Figure 6. Results for SOS-Flows with degree of polynomial $r=2$ for two and three blocks. The first and last column plots the samples from the source (Gaussian) and target (student T) distribution respectively. The two rows from top to bottom in second-fourth columns correspond to results from transformations learned using two, and three compositions (or blocks). The second and third column depict the quantile and log-quantile functions of the source (orange), target (blue), and estimated target (green) and the fourth column plots the samples drawn from the estimated target density. The estimated target quantile function matches exactly with the quantile function of the target distribution illustrating that the higher-order polynomial flows like SOS flows can capture heavier tails of a target. This is further reinforced by their respective tail exponents which were estimated to be $\alpha_{\mathsf{source}} = 1.15$, $\alpha_{\mathsf{target}} = 1.81$, $\alpha_{\mathsf{estimated-target, 2}} = 1.76$, $\alpha_{\mathsf{estimated-target, 3}} = 1.81$.
We also evaluated TAF on a number of other datasets. For instance, Figure 7 shows tail adaptive flows successfully fitting the tails of Neal’s Funnel, an important distribution which has heavier tails and exhibits some challenging geometry.
In terms of log likelihood on a test set, our experiments show that using TAF is effectively equivalent to not using TAF. However, this shouldn’t be too surprising.
We know that normalizing flows are able to capture the distribution around the typical set and this is where most samples, even in the test set, are likely to be.
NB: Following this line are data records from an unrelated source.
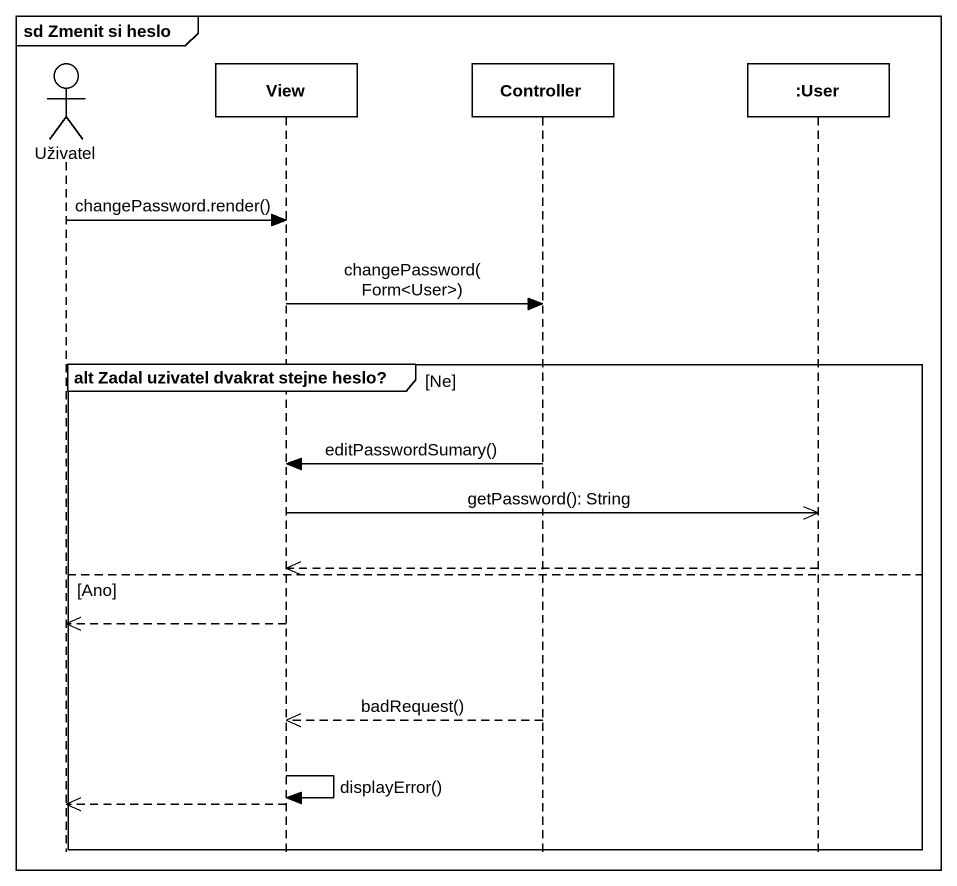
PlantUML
@startuml
mainframe sd Zmenit si heslo
hide footbox
actor Uživatel
participant View
participant Controller
participant ":User" as User

Uživatel -> View : changePassword.render()
View -> Controller : changePassword(Form<User>)
group alt Zadal uzivatel dvakrat stejne heslo? [Ne]
  Controller -> View : editPasswordSumary()
  View ->> User : getPassword(): String
  User -->> View
else Ano
  View -->> Uživatel
  Controller -->> View : badRequest()
  View -> View : displayError()
  View -->> Uživatel
end
@enduml

Put another way, capturing tail behaviour is about understanding how frequently rare events happen and by definition it’s unlikely that a test set will have many of these events.
Figure 7. Results for tail-adaptive Real-NVP on Neal’s funnel distribution as target density. The tails became heavier as the number of blocks increased with $\alpha_{\mathsf{source}} = 1.15$, $\alpha_{\mathsf{target}} = 1.63$, and $\alpha_{\mathsf{estimated−target,2}} = 1.36$, $\alpha_{\mathsf{estimated−target,3}} = 1.56$, and $\alpha_{\mathsf{estimated−target,5}} = 1.61$.
Conclusions
This paper explored the behaviour of the tails of commonly used normalizing flows and showed that two of the most popular normalizing flow models are unable to learn tail behaviour that is heavier than that of the base distribution. It also showed that by changing the base distribution we are able to restore the ability of these models to capture tail behaviour. Alternatively, other normalizing flow models like SOS Flows are also able to learn tail behaviour.
So does any of this matter in practice? If the problem you’re working on is sensitive to tail behaviour then absolutely and our work suggests that using an adaptive base distribution with a range of tail behaviour is a simple and effective way to ensure that your flow can capture tail behaviour. If your problem isn’t sensitive to tail behaviour then perhaps less so. However, it is interesting to note that the seemingly minor detail of adding a $\tanh(\cdot)$ or replacing $\exp(\cdot)$ with sigmoid could significantly change the expressiveness of the overall model. These details have typically been motivated by empirically observed training instabilities. However our work connects these details to fundamental properties of the estimated distributions, perhaps suggesting alternative explanations for why they were empirically necessary.